── Working data ──

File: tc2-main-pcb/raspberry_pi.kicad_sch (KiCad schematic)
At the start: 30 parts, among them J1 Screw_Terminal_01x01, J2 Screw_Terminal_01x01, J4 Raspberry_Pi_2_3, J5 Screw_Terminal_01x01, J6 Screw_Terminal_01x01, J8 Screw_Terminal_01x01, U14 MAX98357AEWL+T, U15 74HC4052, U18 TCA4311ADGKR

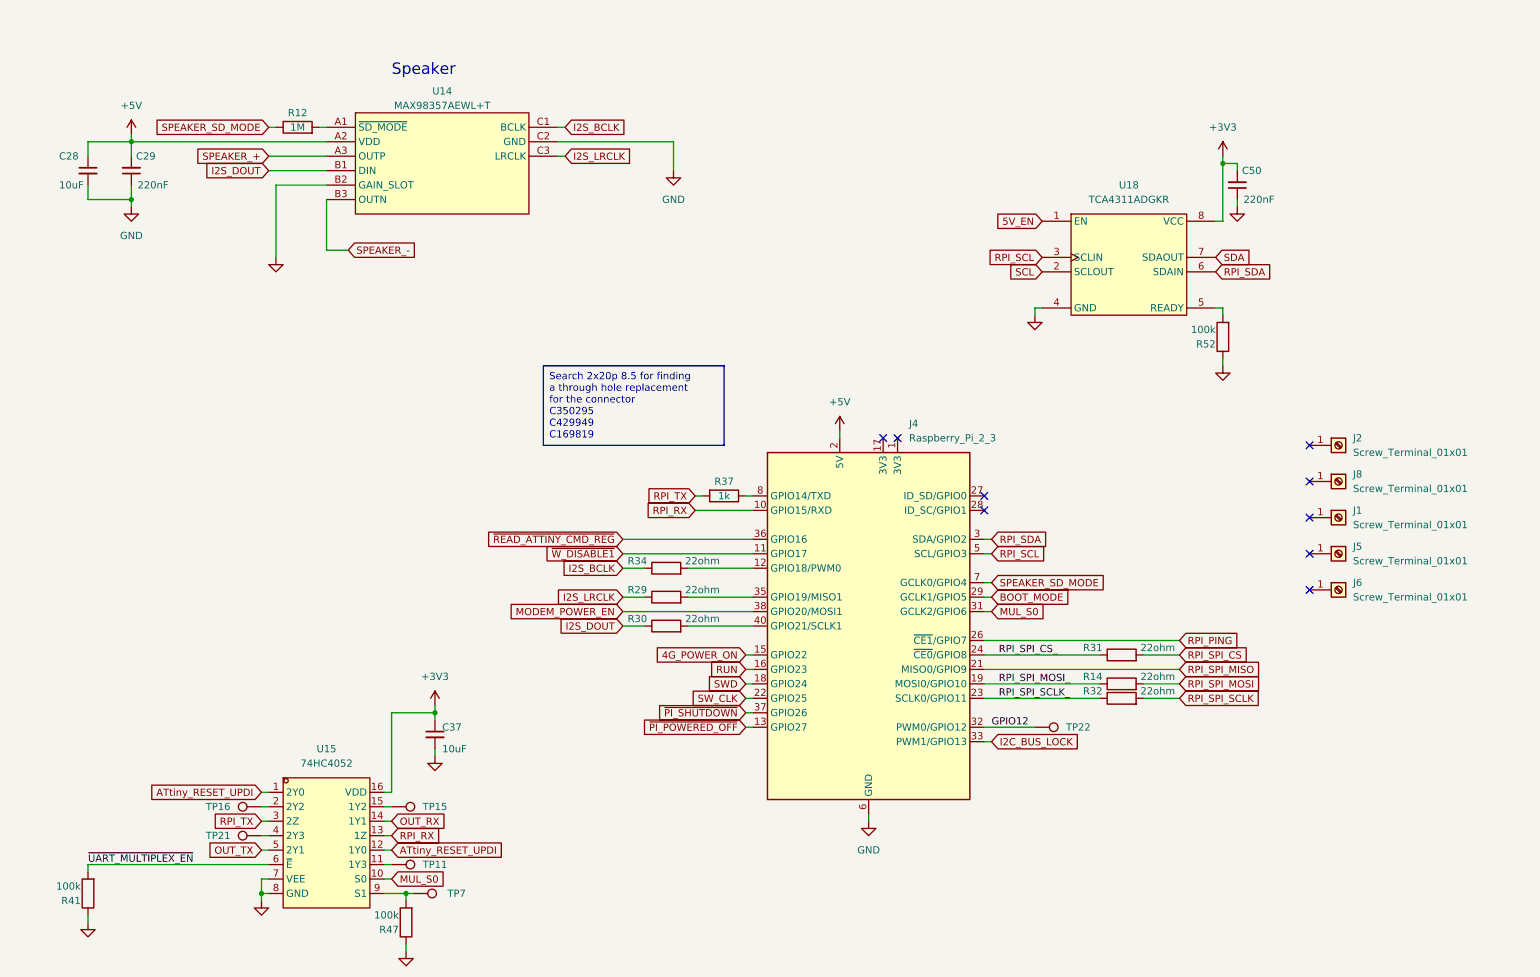
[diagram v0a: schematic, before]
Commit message: Update to use touch sensor
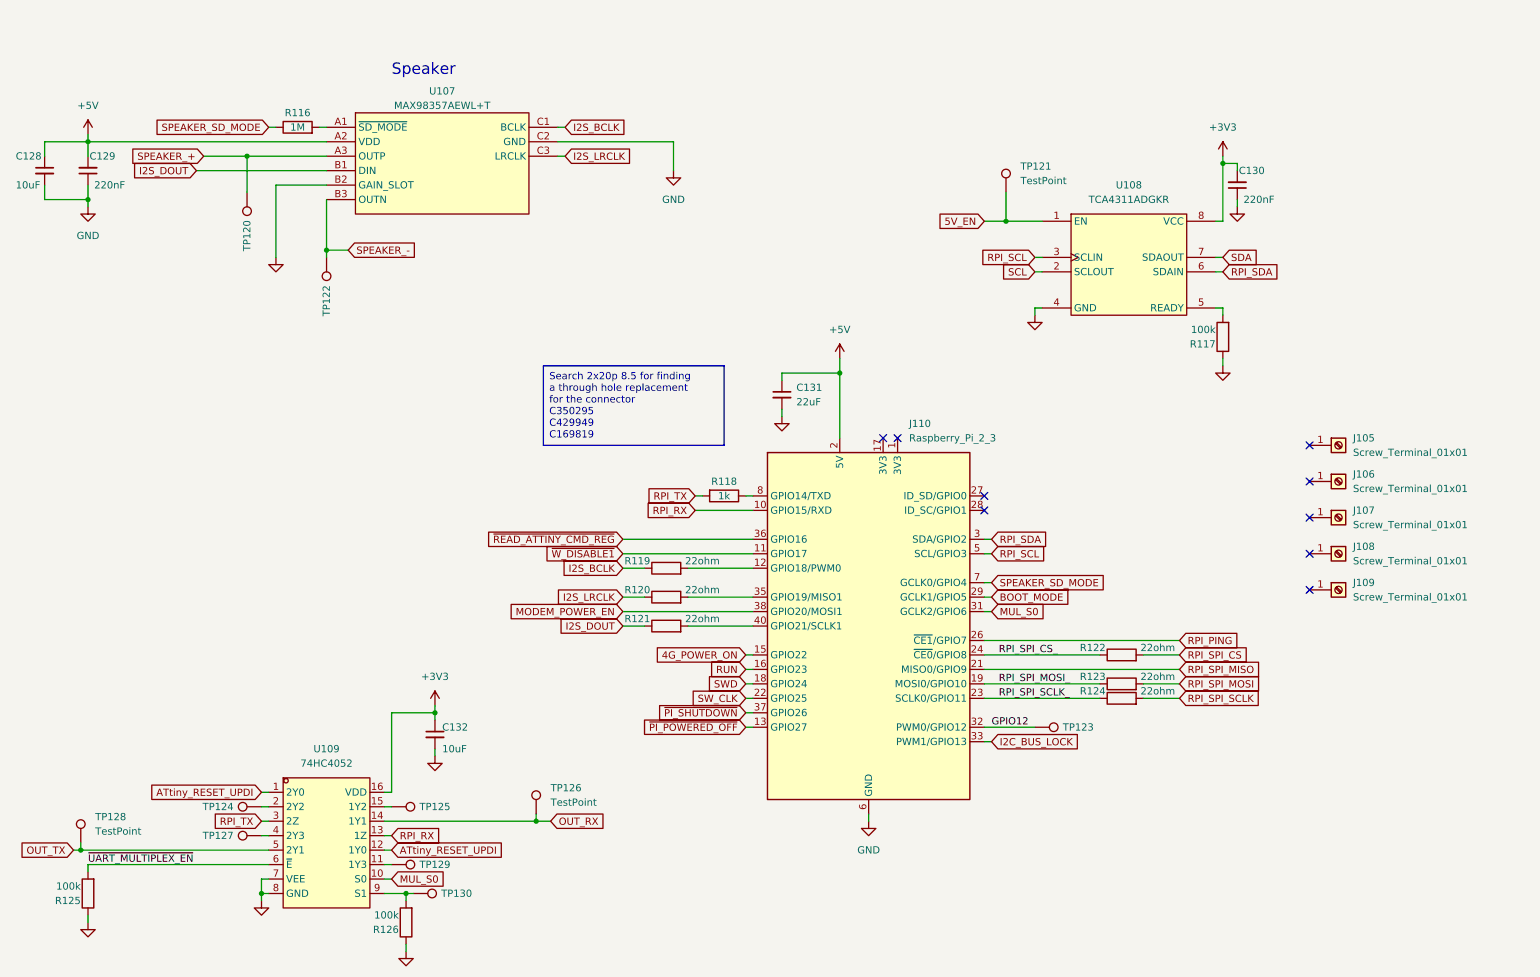
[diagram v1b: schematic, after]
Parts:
- added C131: 22uF, Capacitor_SMD:C_0603_1608Metric, symbol Device:C_Small
- added TP120, TP122: TestPoint, cacophony-library:TP, symbol Connector:TestPoint
- added TP121, TP126, TP128: TestPoint, TestPoint:TestPoint_Pad_D1.0mm, symbol Connector:TestPoint
- J110: renamed from J4; footprint cacophony-library:HDR-SMD_40P-P2.54-V-F-R2-C20-LS8.2-EH -> cacophony-library:rpi-throughhole-socket; LCSC C2685098 -> C350295
- R116: renamed from R12; LCSC C22935 -> C326730
- renumbered C28 to C128, C29 to C129, C50 to C130, C37 to C132, J2 to J105, J8 to J106, J1 to J107, J5 to J108, J6 to J109, R52 to R117, R37 to R118, R34 to R119, R29 to R120, R30 to R121, R31 to R122, R14 to R123, R32 to R124, R41 to R125, R47 to R126, TP22 to TP123, TP16 to TP124, TP15 to TP125, TP21 to TP127, TP11 to TP129, TP7 to TP130, U14 to U107, U18 to U108, U15 to U109
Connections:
- net +5V: now also C131.1
- net 5V_EN: now also TP121.1
- net GND: now also C131.2
- net OUT_RX: now also TP126.1
- net OUT_TX: now also TP128.1
- net SPEAKER_+: now also TP120.1
- net SPEAKER_-: now also TP122.1
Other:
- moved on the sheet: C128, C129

───

# [Task]
Filter the entries above and return only the lines holding "schematic".

# [Solution below]
File: tc2-main-pcb/raspberry_pi.kicad_sch (KiCad schematic)
[diagram v0a: schematic, before]
[diagram v1b: schematic, after]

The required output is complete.